Monday, February 17, 2014
There’s Something to be Said for Routine While Working a Day Job
It’s hard to juggle a full-time job with writing. There are only so many hours in the day. So how do you work a job that drains your creative energies and still get your writing done? The answer is simple—routine.
Everyone does a few things by routine—brushing their teeth, showering or bathing, even eating. While working in a routine can seem humdrum, it’s a way to get organized and get more things done in a limited amount of time.
Before you can work out a routine for your writing, you need to figure out what you need to get done. Make a list of your typical writing chores—everything from thinking up and jotting down ideas to researching them to applying that research to your writing to the writing, itself. You can’t do all of these things every day, and you probably don’t need to. Allot a certain amount of time to each type of chore. Some will take just a few minutes while others may take several hours. Divide up the ones that take longer to do, such as writing an article or story, and divide them up into segments that you can work on daily.
It’s actually a better idea to write for shorter periods of time rather than in long stretches, so dividing up your writing, and perhaps your research times will most likely help you in the long run.
Take a look at your daily schedule. You probably don’t think about that much. Instead, you get up, clean up, eat breakfast, go to work, work at your job, eat lunch, work more at your job, go home, eat dinner, relax, and go to bed.

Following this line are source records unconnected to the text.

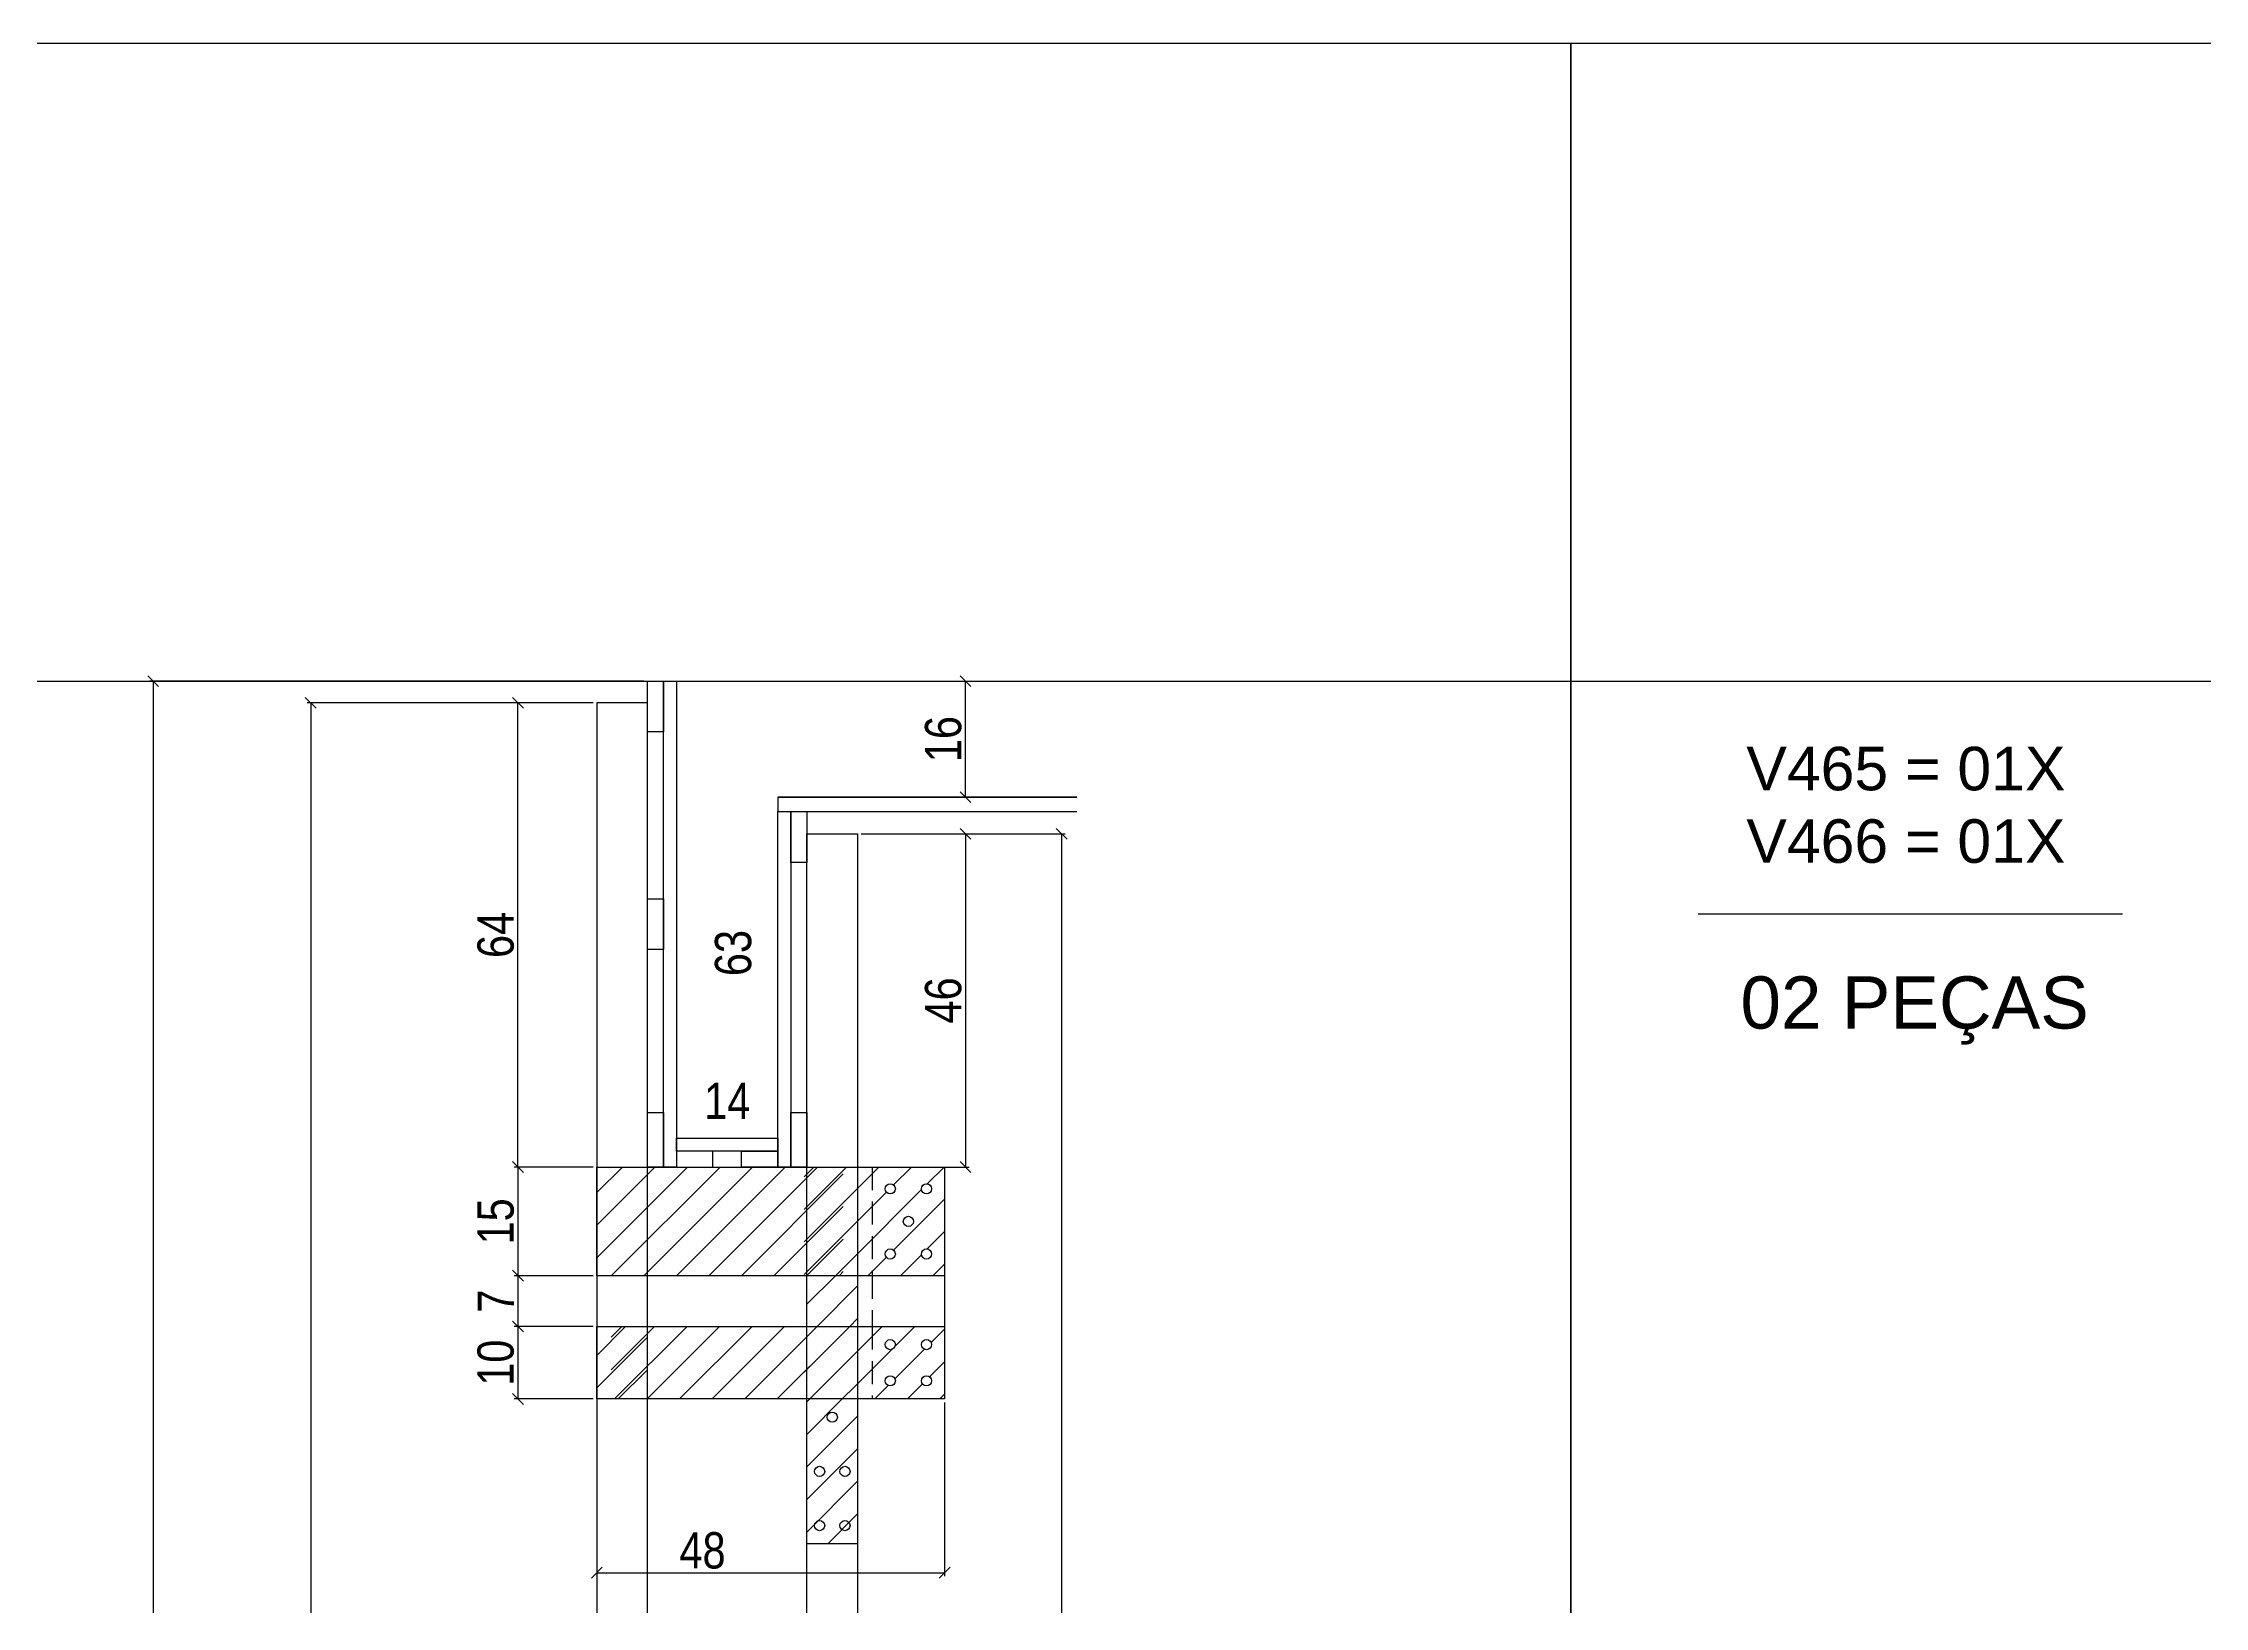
# Model space of a CAD drawing. Extents: x 17311 to 161354, y 153625 to 210355.
# Drawn here: x 18516 to 19113, y 205870 to 206301 of the extents above; entities that cross this region are included whole.
import ezdxf

# ---------------------------------------------------------------- set-up
doc = ezdxf.new("R2010")
doc.units = 0
doc.linetypes.add('DASHED2', pattern=[9.525, 6.35, -3.175])
doc.layers.get('0').update_dxf_attribs({"linetype": 'CONTINUOUS'})
doc.layers.get('DEFPOINTS').update_dxf_attribs({"linetype": 'CONTINUOUS'})
for name, color, linetype in [('8', 111, 'CONTINUOUS'), ('COTA', 241, 'CONTINUOUS'), ('detalhes', 4, 'CONTINUOUS'), ('HACHURA', 8, 'CONTINUOUS'), ('SARR_2.2x10', 60, 'CONTINUOUS'), ('SARR_7x7', 40, 'CONTINUOUS'), ('TIRAS REESCORAMENTO', 252, 'CONTINUOUS'), ('VIGAS', 3, 'CONTINUOUS')]:
    doc.layers.add(name, color=color, linetype=linetype)
doc.layers.add('resinado', color=7, linetype='CONTINUOUS', true_color=0xff6161)
doc.styles.add('COTA TECNICA 2X', font='techl___.ttf', dxfattribs={"height": 10})
doc.styles.add('R80-50', font='arial.ttf', dxfattribs={"height": 10})
doc.dimstyles.new('SECAO', dxfattribs={"dimscale": 0.333333, "dimtxt": 5, "dimasz": 9, "dimexe": 3, "dimexo": 3, "dimgap": 3, "dimtad": 1, "dimdec": 1, "dimlfac": 0.5, "dimzin": 12, "dimdsep": 46, "dimtxsty": 'COTA TECNICA 2X', "dimblk1": 'OBLIQUE', "dimblk2": 'OBLIQUE', "dimsah": 1, "dimcen": 0.9, "dimclrd": 4, "dimclre": 4, "dimclrt": 240, "dimadec": 1, "dimazin": 3, "dimtfac": 1, "dimtdec": 1, "dimtmove": 0, "dimatfit": 3, "dimfxl": 1, "dimtolj": 1, "dimtzin": 12, "dimarcsym": 0})
pattern_1 = [(45, (-7468.727, 8450.3516), (-4.49012806, 4.49012806), [])]
pattern_2 = [(45, (-7458.727, 8450.3516), (-4.49012806, 4.49012806), [])]

# ---------------------------------------------------------------- blocks, each defined once
blk = doc.blocks.new('_Oblique')
at = {"color": 0, "linetype": 'ByBlock', "lineweight": -2}
blk.add_line((-0.5, -0.5), (0.5, 0.5), dxfattribs=at)
blk = doc.blocks.new('*D4268')
at = {"layer": 'DEFPOINTS', "color": 0, "transparency": 16777216}
for p in [(18668.88, 206119.22), (18589.92, 205569.13), (18668.88, 205569.13)]:
    blk.add_point(p, dxfattribs=at)
at = {"layer": 'detalhes', "color": 4, "lineweight": -2, "transparency": 16777216}
for p, q in [((18667.88, 206119.22), (18588.92, 206119.22)), ((18589.92, 206119.22), (18589.92, 205569.13)), ((18667.88, 205569.13), (18588.92, 205569.13))]:
    blk.add_line(p, q, dxfattribs=at)
at = {"layer": 'detalhes', "color": 4, "lineweight": -2, "transparency": 16777216, "xscale": 3, "yscale": 3, "zscale": 3}
for p, rotation in [((18589.92, 206119.22), 90), ((18589.92, 205569.13), 270)]:
    blk.add_blockref('_Oblique', p, dxfattribs=dict(at, rotation=rotation))
at = {"layer": 'detalhes', "color": 240, "transparency": 16777216, "insert": (18583.81, 205844.17), "char_height": 10, "attachment_point": 5, "rotation": 90, "style": 'COTA TECNICA 2X'}
blk.add_mtext('\\A1;275', dxfattribs=at)
blk = doc.blocks.new('*D4274')
at = {"layer": 'DEFPOINTS', "color": 0, "transparency": 16777216}
for p in [(18647.11, 206119.22), (18668.88, 206119.22), (18668.88, 205991.17)]:
    blk.add_point(p, dxfattribs=at)
at = {"layer": 'detalhes', "color": 4, "lineweight": -2, "transparency": 16777216}
for p, q in [((18667.88, 206119.22), (18646.11, 206119.22)), ((18647.11, 205991.17), (18647.11, 206119.22)), ((18667.88, 205991.17), (18646.11, 205991.17))]:
    blk.add_line(p, q, dxfattribs=at)
at = {"layer": 'detalhes', "color": 4, "lineweight": -2, "transparency": 16777216, "xscale": 3, "yscale": 3, "zscale": 3}
for p, rotation in [((18647.11, 206119.22), 90), ((18647.11, 205991.17), 270)]:
    blk.add_blockref('_Oblique', p, dxfattribs=dict(at, rotation=rotation))
at = {"layer": 'detalhes', "color": 240, "transparency": 16777216, "insert": (18641, 206055.2), "char_height": 10, "attachment_point": 5, "rotation": 90, "style": 'COTA TECNICA 2X'}
blk.add_mtext('\\A1;64', dxfattribs=at)
blk = doc.blocks.new('*D4275')
at = {"layer": 'DEFPOINTS', "color": 0, "transparency": 16777216}
for p in [(18740.88, 206083.1), (18740.88, 205991.17), (18770.63, 205991.17)]:
    blk.add_point(p, dxfattribs=at)
at = {"layer": 'detalhes', "color": 4, "lineweight": -2, "transparency": 16777216}
for p, q in [((18741.88, 206083.1), (18771.63, 206083.1)), ((18770.63, 206083.1), (18770.63, 205991.17)), ((18741.88, 205991.17), (18771.63, 205991.17))]:
    blk.add_line(p, q, dxfattribs=at)
at = {"layer": 'detalhes', "color": 4, "lineweight": -2, "transparency": 16777216, "xscale": 3, "yscale": 3, "zscale": 3}
for p, rotation in [((18770.63, 206083.1), 90), ((18770.63, 205991.17), 270)]:
    blk.add_blockref('_Oblique', p, dxfattribs=dict(at, rotation=rotation))
at = {"layer": 'detalhes', "color": 240, "transparency": 16777216, "insert": (18764.53, 206037.13), "char_height": 10, "attachment_point": 5, "rotation": 90, "style": 'COTA TECNICA 2X'}
blk.add_mtext('\\A1;46', dxfattribs=at)
blk = doc.blocks.new('*D4276')
at = {"layer": 'DEFPOINTS', "color": 0, "transparency": 16777216}
for p in [(18682.88, 206125.22), (18546.41, 205549.13), (18668.88, 205549.13)]:
    blk.add_point(p, dxfattribs=at)
at = {"layer": 'detalhes', "color": 4, "lineweight": -2, "transparency": 16777216}
for p, q in [((18681.88, 206125.22), (18545.41, 206125.22)), ((18546.41, 206125.22), (18546.41, 205549.13)), ((18667.88, 205549.13), (18545.41, 205549.13))]:
    blk.add_line(p, q, dxfattribs=at)
at = {"layer": 'detalhes', "color": 4, "lineweight": -2, "transparency": 16777216, "xscale": 3, "yscale": 3, "zscale": 3}
for p, rotation in [((18546.41, 206125.22), 90), ((18546.41, 205549.13), 270)]:
    blk.add_blockref('_Oblique', p, dxfattribs=dict(at, rotation=rotation))
at = {"layer": 'detalhes', "color": 240, "transparency": 16777216, "insert": (18540.32, 205837.17), "char_height": 10, "attachment_point": 5, "rotation": 90, "style": 'COTA TECNICA 2X'}
blk.add_mtext('\\A1;288', dxfattribs=at)
blk = doc.blocks.new('*D4278')
at = {"layer": 'DEFPOINTS', "color": 0, "transparency": 16777216}
for p in [(18705.91, 206125.22), (18712.77, 206125.22), (18705.91, 205999.17)]:
    blk.add_point(p, dxfattribs=at)
at = {"layer": 'detalhes', "color": 240, "transparency": 16777216, "insert": (18706.55, 206050.2), "char_height": 10, "attachment_point": 5, "rotation": 90, "style": 'COTA TECNICA 2X'}
blk.add_mtext('\\A1;63', dxfattribs=at)
blk = doc.blocks.new('*D4279')
at = {"layer": 'DEFPOINTS', "color": 0, "transparency": 16777216}
for p in [(18690.88, 206003.32), (18718.88, 206003.32), (18718.88, 206003.32)]:
    blk.add_point(p, dxfattribs=at)
at = {"layer": 'detalhes', "color": 240, "transparency": 16777216, "insert": (18704.88, 206009.4), "char_height": 10, "attachment_point": 5, "style": 'COTA TECNICA 2X'}
blk.add_mtext('\\A1;14', dxfattribs=at)
blk = doc.blocks.new('*D4281')
at = {"layer": 'DEFPOINTS', "color": 0, "transparency": 16777216}
for p in [(18668.88, 205951.17), (18764.88, 205927.17), (18764.88, 205879.25)]:
    blk.add_point(p, dxfattribs=at)
at = {"layer": 'detalhes', "color": 4, "lineweight": -2, "transparency": 16777216}
for p, q in [((18668.88, 205950.17), (18668.88, 205878.25)), ((18764.88, 205926.17), (18764.88, 205878.25)), ((18668.88, 205879.25), (18764.88, 205879.25))]:
    blk.add_line(p, q, dxfattribs=at)
at = {"layer": 'detalhes', "color": 4, "lineweight": -2, "transparency": 16777216, "xscale": 3, "yscale": 3, "zscale": 3, "rotation": 180}
blk.add_blockref('_Oblique', (18668.88, 205879.25), dxfattribs=at)
at = {"layer": 'detalhes', "color": 4, "lineweight": -2, "transparency": 16777216, "xscale": 3, "yscale": 3, "zscale": 3}
blk.add_blockref('_Oblique', (18764.88, 205879.25), dxfattribs=at)
at = {"layer": 'detalhes', "color": 240, "transparency": 16777216, "insert": (18698.06, 205885.34), "char_height": 10, "attachment_point": 5, "style": 'COTA TECNICA 2X'}
blk.add_mtext('\\A1;48', dxfattribs=at)
blk = doc.blocks.new('*D4282')
at = {"layer": 'DEFPOINTS', "color": 0, "transparency": 16777216}
for p in [(18767.47, 206125.22), (18770.63, 206125.22), (18767.47, 206093.22)]:
    blk.add_point(p, dxfattribs=at)
at = {"layer": 'detalhes', "color": 4, "lineweight": -2, "transparency": 16777216}
for p, q in [((18768.47, 206125.22), (18771.63, 206125.22)), ((18770.63, 206093.22), (18770.63, 206125.22)), ((18768.47, 206093.22), (18771.63, 206093.22))]:
    blk.add_line(p, q, dxfattribs=at)
at = {"layer": 'detalhes', "color": 4, "lineweight": -2, "transparency": 16777216, "xscale": 3, "yscale": 3, "zscale": 3}
for p, rotation in [((18770.63, 206125.22), 90), ((18770.63, 206093.22), 270)]:
    blk.add_blockref('_Oblique', p, dxfattribs=dict(at, rotation=rotation))
at = {"layer": 'detalhes', "color": 240, "transparency": 16777216, "insert": (18764.53, 206109.22), "char_height": 10, "attachment_point": 5, "rotation": 90, "style": 'COTA TECNICA 2X'}
blk.add_mtext('\\A1;16', dxfattribs=at)
blk = doc.blocks.new('*D4283')
at = {"layer": 'DEFPOINTS', "color": 0, "transparency": 16777216}
for p in [(18741.88, 206083.1), (18741.88, 205569.13), (18797.17, 205569.13)]:
    blk.add_point(p, dxfattribs=at)
at = {"layer": 'detalhes', "color": 4, "lineweight": -2, "transparency": 16777216}
for p, q in [((18742.88, 206083.1), (18798.17, 206083.1)), ((18797.17, 206083.1), (18797.17, 205569.13)), ((18742.88, 205569.13), (18798.17, 205569.13))]:
    blk.add_line(p, q, dxfattribs=at)
at = {"layer": 'detalhes', "color": 4, "lineweight": -2, "transparency": 16777216, "xscale": 3, "yscale": 3, "zscale": 3}
for p, rotation in [((18797.17, 206083.1), 90), ((18797.17, 205569.13), 270)]:
    blk.add_blockref('_Oblique', p, dxfattribs=dict(at, rotation=rotation))
at = {"layer": 'detalhes', "color": 240, "transparency": 16777216, "insert": (18791.06, 205826.11), "char_height": 10, "attachment_point": 5, "rotation": 90, "style": 'COTA TECNICA 2X'}
blk.add_mtext('\\A1;257', dxfattribs=at)
blk = doc.blocks.new('*D4285')
at = {"layer": 'DEFPOINTS', "color": 0, "transparency": 16777216}
for p in [(18668.88, 205991.17), (18647.11, 205961.17), (18668.88, 205961.17)]:
    blk.add_point(p, dxfattribs=at)
at = {"layer": 'detalhes', "color": 4, "lineweight": -2, "transparency": 16777216}
for p, q in [((18667.88, 205991.17), (18646.11, 205991.17)), ((18647.11, 205991.17), (18647.11, 205961.17)), ((18667.88, 205961.17), (18646.11, 205961.17))]:
    blk.add_line(p, q, dxfattribs=at)
at = {"layer": 'detalhes', "color": 4, "lineweight": -2, "transparency": 16777216, "xscale": 3, "yscale": 3, "zscale": 3}
for p, rotation in [((18647.11, 205991.17), 90), ((18647.11, 205961.17), 270)]:
    blk.add_blockref('_Oblique', p, dxfattribs=dict(at, rotation=rotation))
at = {"layer": 'detalhes', "color": 240, "transparency": 16777216, "insert": (18641, 205976.17), "char_height": 10, "attachment_point": 5, "rotation": 90, "style": 'COTA TECNICA 2X'}
blk.add_mtext('\\A1;15', dxfattribs=at)
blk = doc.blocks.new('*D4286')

The next day you start that basic routine all over again.
What you need to do is work your writing chores into that already established routine. You probably don’t think you have any time, but if you analyze your daily schedule, you may find that you have quite a few blocks of extra time that you could spend doing one or two writing chores.
Map out a schedule—create a spreadsheet of it so you can carry it with you. One good thing about all the technology that’s around you is that you can use it to your advantage. To paraphrase an old saying, “You can take it with you”—your writing, that is. (More next week on using technology to expand your writing and create a portable office.)
Begin by blocking in all the necessary things you need to do every day—washing, eating, cleaning, driving kids places, and working at your job. Study what you do for a week to see how long it take you to say eat breakfast. Do the same with all the other things you have to do. Then adjust your spreadsheet schedule for the times you’ve discovered. What’s left is the time you have for writing chores. At first it may not look like you have any time left. But look again.
Can you add time anywhere—get up an hour earlier or go to bed an hour later, take less time for lunch, take less time for relaxation or relax while doing lighter writing chores like thinking of ideas or even researching online?
Now add writing chores into your schedule. Work up a routine. For instance, housewives used to reserve Mondays for wash day, Tuesdays for ironing, Wednesdays for cleaning bedrooms, Thursdays for cleaning living and dining areas, Fridays for food shopping, etc. You need to do the same with your writing chores. Assign particular chores to particular days of the week. And do them only on those days whenever possible. In addition, you need to allot time for writing every day or every other day. If you’re schedule is packed, then write for a time on weekends.
While this may sound like a lot of work, it will take a while to establish a writing routine, just like it has taken a lifetime to establish your daily routine. You’ve got to re-educate yourself so that writing becomes an integral part of your daily life, not just a once-in-while pastime.